Die Anfrage setzt bei den Propagandadelikten an. 2024 waren sie mit 37,1 Prozent der Gesamtfallzahlen die häufigsten Delikte der Politisch motivierten Kriminalität. Gefragt wird, ob die Zuordnungsregel für von Unbekannten verübte rechte Propagandadelikte weiterhin gilt, ob es sich dabei um eine Sonderregelung handelt und ob vergleichbare Regeln für andere Phänomenbereiche existieren. Frage 2c nennt ein Hakenkreuz auf einem Wahlplakat von CDU/CSU, SPD oder FDP, Frage 2d denselben Fall bei einem AfD-Plakat.

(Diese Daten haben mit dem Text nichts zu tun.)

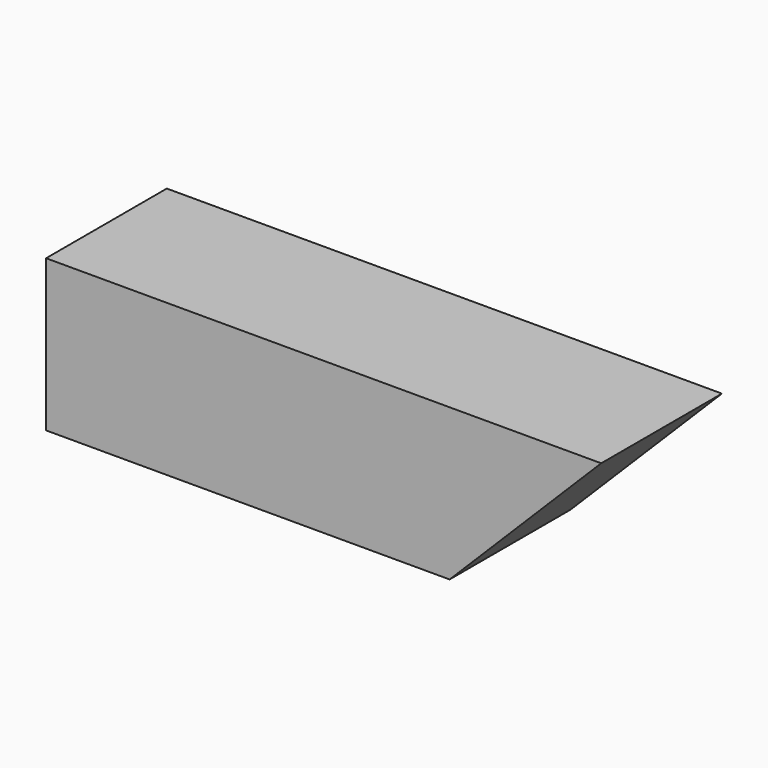
from build123d import *

# Parameters (mm, degrees)
F0_W     = 104.648
F0_H     = 28.448
F1_DEPTH = 28.575
F2_SIZE2 = 28.57499
F2_SIZE  = 28.57499


# Not quite as in the source:
# - a fillet or chamfer is up to 0.001 mm smaller than in the source, because OpenCascade refuses the exact size


with BuildPart() as f1:
    # F0 (on Top) → F1 (new body)
    with BuildSketch(Plane.XY):
        with Locations((-25.6716595031, -3.0957325469)):
            Rectangle(F0_W, F0_H)
    extrude(amount=F1_DEPTH)

    # F2 (size 28.575 and 28.575 in the source; OpenCascade refuses exactly that, so slightly less here)
    f2_edges = [f1.edges().sort_by_distance(p)[0] for p in [
        (26.65234, -3.095733, 0),
    ]]
    chamfer(f2_edges, length=F2_SIZE, length2=F2_SIZE2)


solid = f1.part
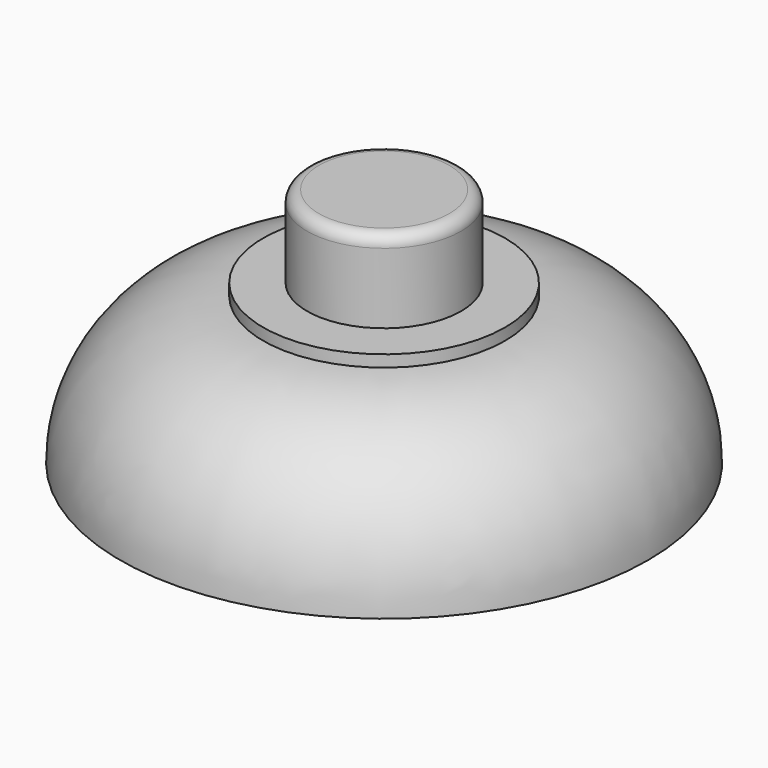
from build123d import *

# Parameters (mm, degrees)
F0_R     = 9
F0_R_2   = 4.125
F1_DEPTH = 5
F0_R_3   = 2.625
F2_DEPTH = 5.4
F3_DEPTH = 8.2
F4_R     = 7
F5_DEPTH = 4
F8_R     = 0.4


# Not quite as in the source:
# - a fillet or chamfer that OpenCascade refuses, or shapes differently, is made with other operations: its cross-section is extruded or revolved along the edge and cut away or added


with BuildPart() as f1:
    # F0 (on Top) → F1 (new body)
    with BuildSketch(Plane.XY):
        Circle(F0_R)
        Circle(F0_R_2, mode=Mode.SUBTRACT)
    extrude(amount=F1_DEPTH)

    # F0 (on Top) → F2 (join)
    with BuildSketch(Plane.XY):
        Circle(F0_R_2)
        Circle(F0_R_3, mode=Mode.SUBTRACT)
    extrude(amount=F2_DEPTH)

    # F0 (on Top) → F3 (join)
    with BuildSketch(Plane.XY):
        Circle(F0_R_3)
    extrude(amount=F3_DEPTH)

    # F4 (on face) → F5 (cut)
    with BuildSketch(Plane(origin=(0, 0, 0), x_dir=(1, 0, 0), z_dir=(0, 0, -1))):
        Circle(F4_R)
    extrude(amount=-F5_DEPTH, mode=Mode.SUBTRACT)

    # F6: fillet of radius 6 on 1 edges, made by hand

    # F6_s1 → F6_t2 (revolve)
    with BuildSketch(Plane.XZ):
        with BuildLine():
            ThreePointArc((7, 0), (4.8072473656, 2.8989794856), (1.3431457505, 4))
            Line((1.3431457505, 4), (7, 4))
            Line((7, 4), (7, 0))
        make_face()
    revolve(axis=Axis((0, 0, 4), (0, 0, -1)))

    # F7: fillet of radius 5 on 1 edges, made by hand

    # F7_s1 → F7_t2 (revolve, cut)
    with BuildSketch(Plane.XZ):
        with BuildLine():
            ThreePointArc((9, 0.0015627442), (7.5794552658, 3.4926227552), (4.125, 5))
            Line((4.125, 5), (9, 5))
            Line((9, 5), (9, 0.0015627442))
        make_face()
    revolve(axis=Axis((0, 0, 5), (0, 0, 1)), mode=Mode.SUBTRACT)

    # F8
    f8_edges = [f1.edges().sort_by_distance(p)[0] for p in [
        (-2.625, 0, 8.2),
    ]]
    fillet(f8_edges, radius=F8_R)


solid = f1.part
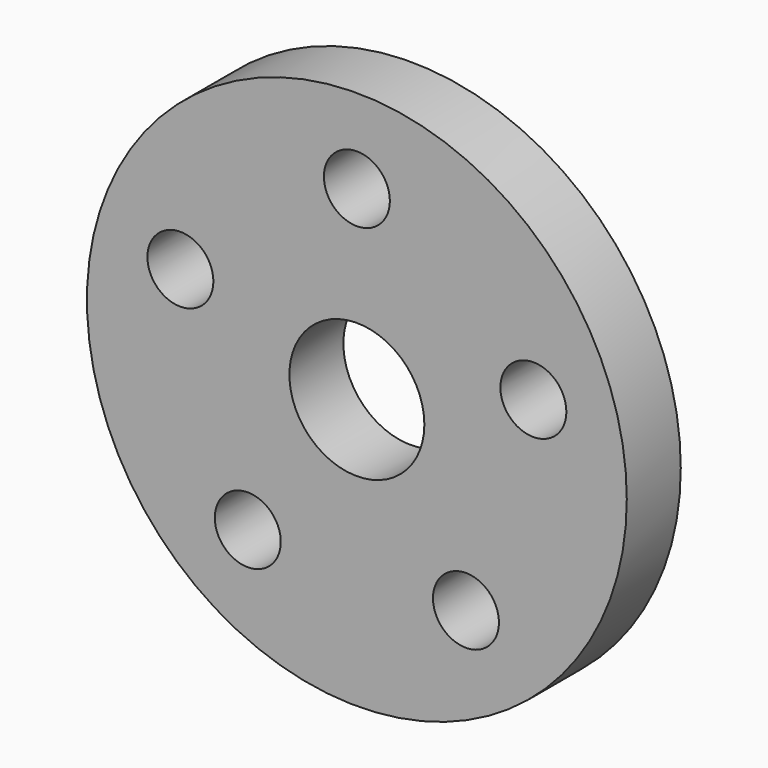
from build123d import *

# Parameters (mm, degrees)
F0_R            = 40
F1_DEPTH        = 10
F2_R            = 4.8873689042
F3_DEPTH        = 25
F3_COPIES_COUNT = 5
F4_R            = 10
F5_DEPTH        = 25


# Not quite as in the source:
# - a pattern or mirror of a feature is missing from the dataset's text; its kind, count and spacing are read off the source's solid


with BuildPart() as f1:
    # F0 (on Front) → F1 (new body)
    with BuildSketch(Plane.XZ):
        Circle(F0_R)
    extrude(amount=F1_DEPTH)

    # F2 (on face) → F3 (cut)
    with BuildSketch(Plane.XZ.offset(10)):
        with Locations((0, 27.5)):
            Circle(F2_R)
    f3 = extrude(amount=-F3_DEPTH, mode=Mode.SUBTRACT)

    # F3_copies: F3 ×5 about axis
    f3_copies_axis = Axis((0, 0, 0), (0, 1, 0))
    for i in range(1, F3_COPIES_COUNT):
        add(f3.rotate(f3_copies_axis, i * 360 / F3_COPIES_COUNT), mode=Mode.SUBTRACT)

    # F4 (on face) → F5 (cut)
    with BuildSketch(Plane.XZ.offset(10)):
        Circle(F4_R)
    extrude(amount=-F5_DEPTH, mode=Mode.SUBTRACT)


solid = f1.part

Zahlen verlangen die Fragen 3 und 4: wie viele rechte Propagandadelikte mit gänzlich unbekannten Tätern in den Jahren 2023 und 2024 erfasst wurden und wie viele Wahlplakate mit verfassungswidrigen Kennzeichen im Sinne des § 86a StGB versehen wurden, aufgeschlüsselt nach den betroffenen Parteien. Genau diese Aufschlüsselung liefert die Antwort der Bundesregierung vom 7. Juli 2025.
Als Beleg verweist die Anfrage auf die beim Thüringer Landeskriminalamt veröffentlichte Fassung der Ausfüllanleitung zur KTA-PMK. Im Abschnitt "12 Phänomenbereich" steht die Regel. Diese Fassung hat den Stand 21. Dezember 2023 und gilt ab 1. Januar 2024; ihr Wortlaut ist identisch mit dem der von der Bundesregierung als aktuell benannten Fassung.